# Bit9 Parity



## Bit9ParityHater (Jun 19, 2013)

Attached graphic is completing stopping my workflow. I have tried reading everywhere but the program is pretty solid and I need a pro's help. I have tried changing file extensions, running as an admin, etc. Please help me disable, bypass, etc this pos roadblock. I can't open any .exe for any reason


----------



## valis (Sep 24, 2004)

what the heck is that? is that a company AV or something?


----------



## Bit9ParityHater (Jun 19, 2013)

It's a new whitelisting program by Bit9. It practically does not exist on Google. It is a new puzzle.


----------



## valis (Sep 24, 2004)

something seems odd here.........isn't that server side security and enpoint protection? why is this on a regular pc? 

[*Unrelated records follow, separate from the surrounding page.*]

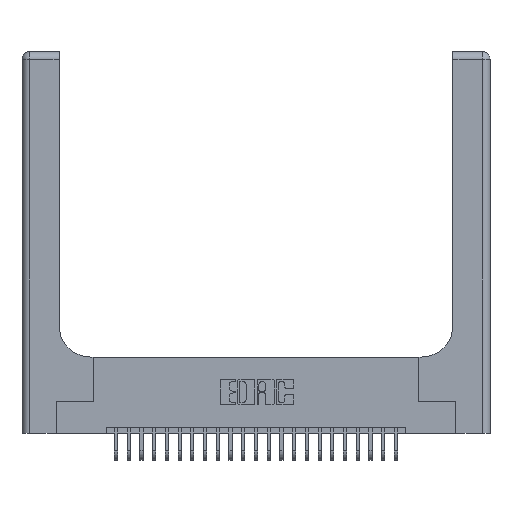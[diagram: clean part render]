
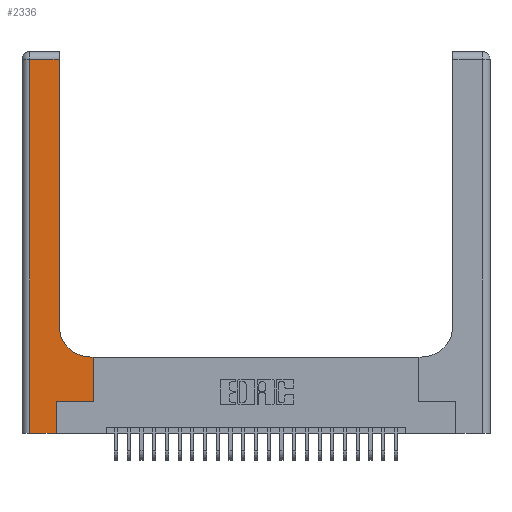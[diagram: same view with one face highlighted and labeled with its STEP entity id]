
A CAD part, top view. The second image highlights one B-rep face of the part: STEP entity #2336.
In plain terms, the highlighted planar face has unit normal (0, 0, 1).
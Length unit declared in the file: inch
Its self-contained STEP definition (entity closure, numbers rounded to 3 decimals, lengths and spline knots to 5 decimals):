
#166 = ORIENTED_EDGE ( 'NONE', *, *, #15120, .T. ) ;
#287 = CARTESIAN_POINT ( 'NONE',  ( 0.5415, 0.85, 0.37 ) ) ;
#614 = EDGE_CURVE ( 'NONE', #19628, #12212, #24317, .T. ) ;
#686 = CARTESIAN_POINT ( 'NONE',  ( 0.269, 0., 0.37 ) ) ;
#1780 = ORIENTED_EDGE ( 'NONE', *, *, #5930, .T. ) ;
#2060 = LINE ( 'NONE', #13204, #16909 ) ;
#2226 = EDGE_CURVE ( 'NONE', #24916, #16083, #8651, .T. ) ;
#2336 = ADVANCED_FACE ( 'NONE', ( #5361 ), #8462, .F. ) ;
#2882 = CARTESIAN_POINT ( 'NONE',  ( 0., 0., 0.37 ) ) ;
#3398 = VECTOR ( 'NONE', #10740, 39.37008 ) ;
#4391 = LINE ( 'NONE', #14704, #9352 ) ;
#4897 = VECTOR ( 'NONE', #11112, 39.37008 ) ;
#5361 = FACE_OUTER_BOUND ( 'NONE', #25893, .T. ) ;
#5401 = CARTESIAN_POINT ( 'NONE',  ( 0.5585, 0.25, 0.37 ) ) ;
#5597 = EDGE_CURVE ( 'NONE', #12212, #6294, #21369, .T. ) ;
#5930 = EDGE_CURVE ( 'NONE', #16083, #9923, #4391, .T. ) ;
#5942 = ORIENTED_EDGE ( 'NONE', *, *, #21685, .T. ) ;
#6294 = VERTEX_POINT ( 'NONE', #17867 ) ;
#6474 = VECTOR ( 'NONE', #25441, 39.37008 ) ;
#7052 = ORIENTED_EDGE ( 'NONE', *, *, #5597, .T. ) ;
#7343 = DIRECTION ( 'NONE',  ( 0., 1., 0. ) ) ;
#7409 = CIRCLE ( 'NONE', #25547, 0.25 ) ;
#7777 = ORIENTED_EDGE ( 'NONE', *, *, #16917, .T. ) ;
#7785 = VECTOR ( 'NONE', #15624, 39.37008 ) ;
#8290 = DIRECTION ( 'NONE',  ( -1., 0., 0. ) ) ;
#8378 = DIRECTION ( 'NONE',  ( 0., 0., -1. ) ) ;
#8462 = PLANE ( 'NONE',  #24136 ) ;
#8651 = LINE ( 'NONE', #2882, #3398 ) ;
#9352 = VECTOR ( 'NONE', #16843, 39.37008 ) ;
#9365 = CARTESIAN_POINT ( 'NONE',  ( 0.5585, 0.25, 0.37 ) ) ;
#9923 = VERTEX_POINT ( 'NONE', #16222 ) ;
#10472 = EDGE_CURVE ( 'NONE', #26581, #22632, #11071, .T. ) ;
#10740 = DIRECTION ( 'NONE',  ( 1., 0., 0. ) ) ;
#11071 = LINE ( 'NONE', #5401, #26357 ) ;
#11112 = DIRECTION ( 'NONE',  ( 0., -1., 0. ) ) ;
#11438 = VERTEX_POINT ( 'NONE', #18409 ) ;
#12212 = VERTEX_POINT ( 'NONE', #18400 ) ;
#12293 = DIRECTION ( 'NONE',  ( 1., 0., 0. ) ) ;
#13204 = CARTESIAN_POINT ( 'NONE',  ( 0.2915, 0.6, 0.37 ) ) ;
#14090 = ORIENTED_EDGE ( 'NONE', *, *, #10472, .T. ) ;
#14511 = CARTESIAN_POINT ( 'NONE',  ( 0., 3., 0.37 ) ) ;
#14704 = CARTESIAN_POINT ( 'NONE',  ( 0.269, 0., 0.37 ) ) ;
#15120 = EDGE_CURVE ( 'NONE', #6294, #24916, #21445, .T. ) ;
#15405 = DIRECTION ( 'NONE',  ( -1., 0., 0. ) ) ;
#15624 = DIRECTION ( 'NONE',  ( 0., 1., 0. ) ) ;
#16083 = VERTEX_POINT ( 'NONE', #686 ) ;
#16222 = CARTESIAN_POINT ( 'NONE',  ( 0.269, 0.25, 0.37 ) ) ;
#16424 = CARTESIAN_POINT ( 'NONE',  ( 0., 2.94, 0.37 ) ) ;
#16843 = DIRECTION ( 'NONE',  ( 0., 1., 0. ) ) ;
#16909 = VECTOR ( 'NONE', #15405, 39.37008 ) ;
#16917 = EDGE_CURVE ( 'NONE', #9923, #26581, #24009, .T. ) ;
#17867 = CARTESIAN_POINT ( 'NONE',  ( 0.06, 2.94, 0.37 ) ) ;
#18219 = EDGE_CURVE ( 'NONE', #11438, #19628, #7409, .T. ) ;
#18400 = CARTESIAN_POINT ( 'NONE',  ( 0.2915, 2.94, 0.37 ) ) ;
#18409 = CARTESIAN_POINT ( 'NONE',  ( 0.5415, 0.6, 0.37 ) ) ;
#19193 = DIRECTION ( 'NONE',  ( 1., 0., 0. ) ) ;
#19628 = VERTEX_POINT ( 'NONE', #22094 ) ;
#19815 = CARTESIAN_POINT ( 'NONE',  ( 0.06, 3., 0.37 ) ) ;
#20083 = CARTESIAN_POINT ( 'NONE',  ( 0.5585, 0.6, 0.37 ) ) ;
#21369 = LINE ( 'NONE', #16424, #6474 ) ;
#21445 = LINE ( 'NONE', #19815, #4897 ) ;
#21685 = EDGE_CURVE ( 'NONE', #22632, #11438, #2060, .T. ) ;
#22094 = CARTESIAN_POINT ( 'NONE',  ( 0.2915, 0.85, 0.37 ) ) ;
#22297 = CARTESIAN_POINT ( 'NONE',  ( 0.06, 0., 0.37 ) ) ;
#22632 = VERTEX_POINT ( 'NONE', #20083 ) ;
#22685 = VECTOR ( 'NONE', #12293, 39.37008 ) ;
#23442 = DIRECTION ( 'NONE',  ( 0., 0., -1. ) ) ;
#23768 = ORIENTED_EDGE ( 'NONE', *, *, #18219, .T. ) ;
#23990 = ORIENTED_EDGE ( 'NONE', *, *, #2226, .T. ) ;
#24009 = LINE ( 'NONE', #25083, #22685 ) ;
#24136 = AXIS2_PLACEMENT_3D ( 'NONE', #14511, #8378, #8290 ) ;
#24317 = LINE ( 'NONE', #26240, #7785 ) ;
#24916 = VERTEX_POINT ( 'NONE', #22297 ) ;
#25083 = CARTESIAN_POINT ( 'NONE',  ( 0.269, 0.25, 0.37 ) ) ;
#25441 = DIRECTION ( 'NONE',  ( -1., 0., 0. ) ) ;
#25547 = AXIS2_PLACEMENT_3D ( 'NONE', #287, #23442, #19193 ) ;
#25893 = EDGE_LOOP ( 'NONE', ( #27022, #7052, #166, #23990, #1780, #7777, #14090, #5942, #23768 ) ) ;
#26240 = CARTESIAN_POINT ( 'NONE',  ( 0.2915, 3., 0.37 ) ) ;
#26357 = VECTOR ( 'NONE', #7343, 39.37008 ) ;
#26581 = VERTEX_POINT ( 'NONE', #9365 ) ;
#27022 = ORIENTED_EDGE ( 'NONE', *, *, #614, .T. ) ;
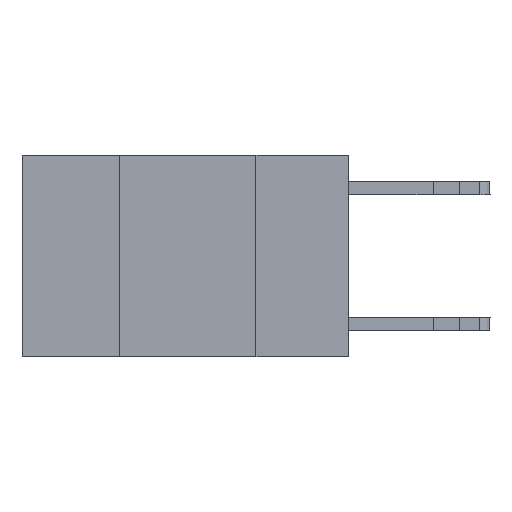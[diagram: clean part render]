
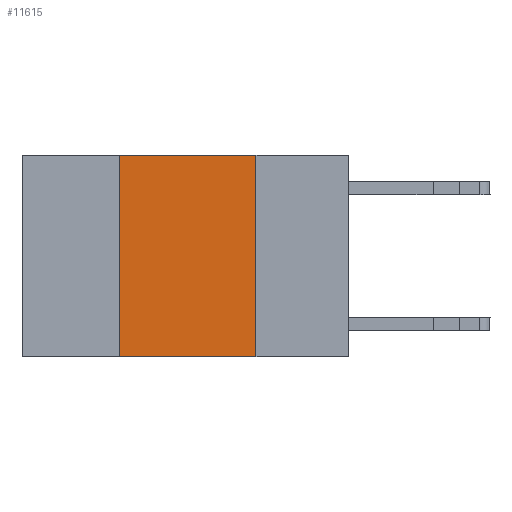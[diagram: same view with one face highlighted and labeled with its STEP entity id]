
A CAD part, left-side view. The second image highlights one B-rep face of the part: STEP entity #11615.
In plain terms, the highlighted planar face has unit normal (-1, 0, 0).
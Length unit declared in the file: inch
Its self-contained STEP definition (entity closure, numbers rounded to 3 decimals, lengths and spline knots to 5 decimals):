
#1172 = EDGE_CURVE ( 'NONE', #2545, #14289, #21324, .T. ) ;
#1769 = DIRECTION ( 'NONE',  ( 1., 0., 0. ) ) ;
#2470 = ORIENTED_EDGE ( 'NONE', *, *, #1172, .F. ) ;
#2545 = VERTEX_POINT ( 'NONE', #8870 ) ;
#2764 = CARTESIAN_POINT ( 'NONE',  ( 0., 0.17, -0.37 ) ) ;
#3419 = DIRECTION ( 'NONE',  ( 0., 0., -1. ) ) ;
#4851 = PLANE ( 'NONE',  #12287 ) ;
#4940 = CARTESIAN_POINT ( 'NONE',  ( 0., 0.42, 0. ) ) ;
#5301 = VECTOR ( 'NONE', #3419, 39.37008 ) ;
#5902 = DIRECTION ( 'NONE',  ( 0., -1., 0. ) ) ;
#7725 = DIRECTION ( 'NONE',  ( 0., -1., 0. ) ) ;
#8053 = EDGE_LOOP ( 'NONE', ( #13270, #10679, #2470, #21369 ) ) ;
#8140 = VECTOR ( 'NONE', #5902, 39.37008 ) ;
#8351 = DIRECTION ( 'NONE',  ( 0., 0., 1. ) ) ;
#8870 = CARTESIAN_POINT ( 'NONE',  ( 0., 0.42, -0.37 ) ) ;
#9731 = CARTESIAN_POINT ( 'NONE',  ( 0., 0.42, 0. ) ) ;
#10019 = DIRECTION ( 'NONE',  ( 0., 0., -1. ) ) ;
#10385 = EDGE_CURVE ( 'NONE', #2545, #21387, #15968, .T. ) ;
#10679 = ORIENTED_EDGE ( 'NONE', *, *, #13707, .F. ) ;
#11460 = CARTESIAN_POINT ( 'NONE',  ( 0., 0.6, 0. ) ) ;
#11615 = ADVANCED_FACE ( 'NONE', ( #16824 ), #4851, .F. ) ;
#12287 = AXIS2_PLACEMENT_3D ( 'NONE', #11460, #1769, #10019 ) ;
#12467 = CARTESIAN_POINT ( 'NONE',  ( 0., 0.6, -0.37 ) ) ;
#12903 = EDGE_CURVE ( 'NONE', #15999, #21387, #15086, .T. ) ;
#13270 = ORIENTED_EDGE ( 'NONE', *, *, #12903, .F. ) ;
#13707 = EDGE_CURVE ( 'NONE', #14289, #15999, #19416, .T. ) ;
#14289 = VERTEX_POINT ( 'NONE', #9731 ) ;
#15086 = LINE ( 'NONE', #16608, #5301 ) ;
#15968 = LINE ( 'NONE', #12467, #21110 ) ;
#15999 = VERTEX_POINT ( 'NONE', #16542 ) ;
#16127 = CARTESIAN_POINT ( 'NONE',  ( 0., 0.6, 0. ) ) ;
#16542 = CARTESIAN_POINT ( 'NONE',  ( 0., 0.17, 0. ) ) ;
#16608 = CARTESIAN_POINT ( 'NONE',  ( 0., 0.17, 0. ) ) ;
#16824 = FACE_OUTER_BOUND ( 'NONE', #8053, .T. ) ;
#19416 = LINE ( 'NONE', #16127, #8140 ) ;
#19777 = VECTOR ( 'NONE', #8351, 39.37008 ) ;
#21110 = VECTOR ( 'NONE', #7725, 39.37008 ) ;
#21324 = LINE ( 'NONE', #4940, #19777 ) ;
#21369 = ORIENTED_EDGE ( 'NONE', *, *, #10385, .T. ) ;
#21387 = VERTEX_POINT ( 'NONE', #2764 ) ;
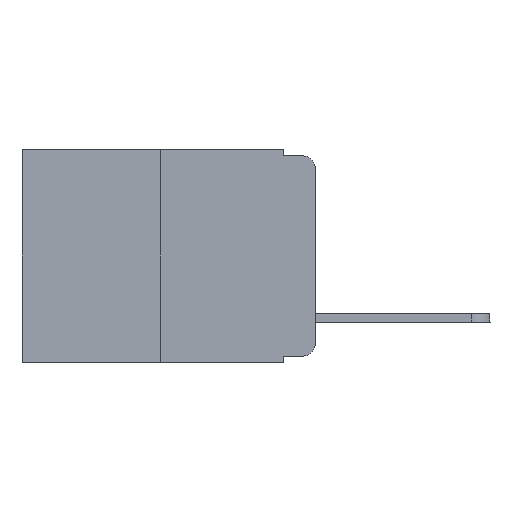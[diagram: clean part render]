
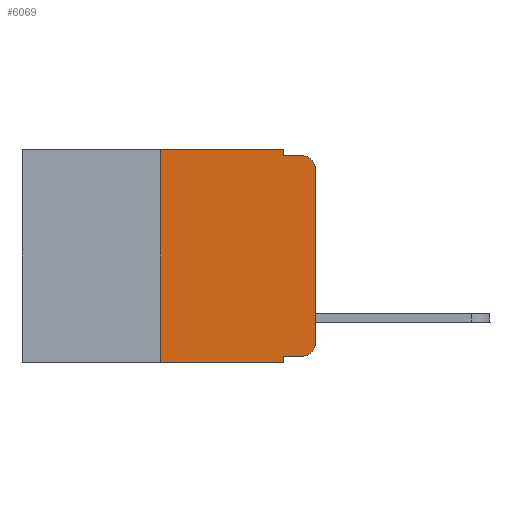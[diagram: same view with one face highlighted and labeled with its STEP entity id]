
A CAD part, left-side view. The second image highlights one B-rep face of the part: STEP entity #6069.
In plain terms, the highlighted planar face has unit normal (-1, 0, 0).
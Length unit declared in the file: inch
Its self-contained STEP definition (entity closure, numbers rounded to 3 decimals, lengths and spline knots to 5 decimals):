
#71 = DIRECTION ( 'NONE',  ( 0., 0., -1. ) ) ;
#101 = LINE ( 'NONE', #8432, #11045 ) ;
#372 = EDGE_CURVE ( 'NONE', #7054, #16997, #17006, .T. ) ;
#598 = CARTESIAN_POINT ( 'NONE',  ( 0., 0.25, -0.343 ) ) ;
#1291 = VECTOR ( 'NONE', #4370, 39.37008 ) ;
#1310 = CARTESIAN_POINT ( 'NONE',  ( 0., 0.473, 0. ) ) ;
#1733 = VECTOR ( 'NONE', #5457, 39.37008 ) ;
#2297 = LINE ( 'NONE', #14732, #10833 ) ;
#2430 = LINE ( 'NONE', #3911, #17486 ) ;
#2548 = FACE_OUTER_BOUND ( 'NONE', #15819, .T. ) ;
#3003 = VERTEX_POINT ( 'NONE', #598 ) ;
#3152 = CARTESIAN_POINT ( 'NONE',  ( 0., 0.051, -0.333 ) ) ;
#3681 = DIRECTION ( 'NONE',  ( -1., 0., 0. ) ) ;
#3911 = CARTESIAN_POINT ( 'NONE',  ( 0., 0.051, 0. ) ) ;
#3960 = CARTESIAN_POINT ( 'NONE',  ( 0., 0.02, -0.313 ) ) ;
#4370 = DIRECTION ( 'NONE',  ( 0., 0., 1. ) ) ;
#4481 = CARTESIAN_POINT ( 'NONE',  ( 0., 0., -0.03 ) ) ;
#4650 = ORIENTED_EDGE ( 'NONE', *, *, #12652, .T. ) ;
#5007 = VERTEX_POINT ( 'NONE', #10738 ) ;
#5457 = DIRECTION ( 'NONE',  ( 0., -1., 0. ) ) ;
#5719 = EDGE_CURVE ( 'NONE', #11612, #17657, #6985, .T. ) ;
#5749 = EDGE_CURVE ( 'NONE', #16997, #5007, #2430, .T. ) ;
#5885 = AXIS2_PLACEMENT_3D ( 'NONE', #6287, #3681, #16037 ) ;
#6069 = ADVANCED_FACE ( 'NONE', ( #2548 ), #12027, .F. ) ;
#6287 = CARTESIAN_POINT ( 'NONE',  ( 0., 0.02, -0.03 ) ) ;
#6410 = VERTEX_POINT ( 'NONE', #4481 ) ;
#6719 = ORIENTED_EDGE ( 'NONE', *, *, #5749, .F. ) ;
#6721 = LINE ( 'NONE', #9985, #17200 ) ;
#6820 = ORIENTED_EDGE ( 'NONE', *, *, #5719, .T. ) ;
#6887 = VECTOR ( 'NONE', #7847, 39.37008 ) ;
#6985 = CIRCLE ( 'NONE', #12703, 0.02 ) ;
#7054 = VERTEX_POINT ( 'NONE', #17246 ) ;
#7203 = VERTEX_POINT ( 'NONE', #3152 ) ;
#7289 = ORIENTED_EDGE ( 'NONE', *, *, #14722, .T. ) ;
#7522 = DIRECTION ( 'NONE',  ( 1., 0., 0. ) ) ;
#7719 = VERTEX_POINT ( 'NONE', #17369 ) ;
#7847 = DIRECTION ( 'NONE',  ( 0., -1., 0. ) ) ;
#8017 = AXIS2_PLACEMENT_3D ( 'NONE', #17949, #7522, #9020 ) ;
#8188 = EDGE_CURVE ( 'NONE', #7203, #7719, #101, .T. ) ;
#8281 = DIRECTION ( 'NONE',  ( -1., 0., 0. ) ) ;
#8432 = CARTESIAN_POINT ( 'NONE',  ( 0., 0.051, 0. ) ) ;
#8593 = ORIENTED_EDGE ( 'NONE', *, *, #372, .F. ) ;
#8865 = ORIENTED_EDGE ( 'NONE', *, *, #11456, .F. ) ;
#9020 = DIRECTION ( 'NONE',  ( 0., 0., -1. ) ) ;
#9304 = DIRECTION ( 'NONE',  ( 0., -1., 0. ) ) ;
#9417 = ORIENTED_EDGE ( 'NONE', *, *, #13174, .T. ) ;
#9697 = DIRECTION ( 'NONE',  ( 0., 0., -1. ) ) ;
#9985 = CARTESIAN_POINT ( 'NONE',  ( 0., 0.051, -0.333 ) ) ;
#10103 = CARTESIAN_POINT ( 'NONE',  ( 0., 0.25, 0. ) ) ;
#10587 = CARTESIAN_POINT ( 'NONE',  ( 0., 0.02, -0.333 ) ) ;
#10738 = CARTESIAN_POINT ( 'NONE',  ( 0., 0.051, -0.01 ) ) ;
#10833 = VECTOR ( 'NONE', #16116, 39.37008 ) ;
#10877 = DIRECTION ( 'NONE',  ( 0., 0., -1. ) ) ;
#11045 = VECTOR ( 'NONE', #71, 39.37008 ) ;
#11100 = VERTEX_POINT ( 'NONE', #13624 ) ;
#11456 = EDGE_CURVE ( 'NONE', #3003, #7054, #14183, .T. ) ;
#11612 = VERTEX_POINT ( 'NONE', #10587 ) ;
#11852 = VECTOR ( 'NONE', #9304, 39.37008 ) ;
#12027 = PLANE ( 'NONE',  #8017 ) ;
#12098 = CARTESIAN_POINT ( 'NONE',  ( 0., 0.051, 0. ) ) ;
#12478 = CIRCLE ( 'NONE', #5885, 0.02 ) ;
#12652 = EDGE_CURVE ( 'NONE', #3003, #7719, #15544, .T. ) ;
#12703 = AXIS2_PLACEMENT_3D ( 'NONE', #3960, #8281, #10877 ) ;
#12788 = DIRECTION ( 'NONE',  ( 0., -1., 0. ) ) ;
#13174 = EDGE_CURVE ( 'NONE', #6410, #11100, #12478, .T. ) ;
#13624 = CARTESIAN_POINT ( 'NONE',  ( 0., 0.02, -0.01 ) ) ;
#13674 = ORIENTED_EDGE ( 'NONE', *, *, #15863, .F. ) ;
#14183 = LINE ( 'NONE', #10103, #1291 ) ;
#14722 = EDGE_CURVE ( 'NONE', #7203, #11612, #6721, .T. ) ;
#14732 = CARTESIAN_POINT ( 'NONE',  ( 0., 0., 0. ) ) ;
#14755 = CARTESIAN_POINT ( 'NONE',  ( 0., 0.051, -0.01 ) ) ;
#14883 = CARTESIAN_POINT ( 'NONE',  ( 0., 0., -0.313 ) ) ;
#15544 = LINE ( 'NONE', #16316, #11852 ) ;
#15819 = EDGE_LOOP ( 'NONE', ( #17400, #9417, #13674, #6719, #8593, #8865, #4650, #16115, #7289, #6820 ) ) ;
#15863 = EDGE_CURVE ( 'NONE', #5007, #11100, #17153, .T. ) ;
#16037 = DIRECTION ( 'NONE',  ( 0., 0., -1. ) ) ;
#16115 = ORIENTED_EDGE ( 'NONE', *, *, #8188, .F. ) ;
#16116 = DIRECTION ( 'NONE',  ( 0., 0., 1. ) ) ;
#16316 = CARTESIAN_POINT ( 'NONE',  ( 0., 0.473, -0.343 ) ) ;
#16511 = EDGE_CURVE ( 'NONE', #17657, #6410, #2297, .T. ) ;
#16997 = VERTEX_POINT ( 'NONE', #12098 ) ;
#17006 = LINE ( 'NONE', #1310, #1733 ) ;
#17153 = LINE ( 'NONE', #14755, #6887 ) ;
#17200 = VECTOR ( 'NONE', #12788, 39.37008 ) ;
#17246 = CARTESIAN_POINT ( 'NONE',  ( 0., 0.25, 0. ) ) ;
#17369 = CARTESIAN_POINT ( 'NONE',  ( 0., 0.051, -0.343 ) ) ;
#17400 = ORIENTED_EDGE ( 'NONE', *, *, #16511, .T. ) ;
#17486 = VECTOR ( 'NONE', #9697, 39.37008 ) ;
#17657 = VERTEX_POINT ( 'NONE', #14883 ) ;
#17949 = CARTESIAN_POINT ( 'NONE',  ( 0., 0.473, 0. ) ) ;

Why not just uninstall it?


----------



## Bit9ParityHater (Jun 19, 2013)

When I try to alter it or uninstall it I get an ACCESS DENIED message.


----------



## dvk01 (Dec 14, 2002)

Bit 9 is a commercial filtering software that your IT department set up as a defence mechanism
If you are having problems with it, then contact IT. We won't help bypass legitimate company restrictions



> Circumventing Company/School/Parental or Other Restrictions - Because we are unable to verify the actual situation or intent, no assistance will be provided to those trying to circumvent Internet filters or similar restrictions and any such threads will be closed. Furthermore, we will not assist with violating the "Terms of Service" of any product, service or web site. Unfortunately, it is against Google's Terms of Service to download videos from YouTube. They have contacted us directly to request that we do not support with downloading videos from YouTube. Any posts with instructions or information about how to violate Terms of Service will be closed or removed.


----------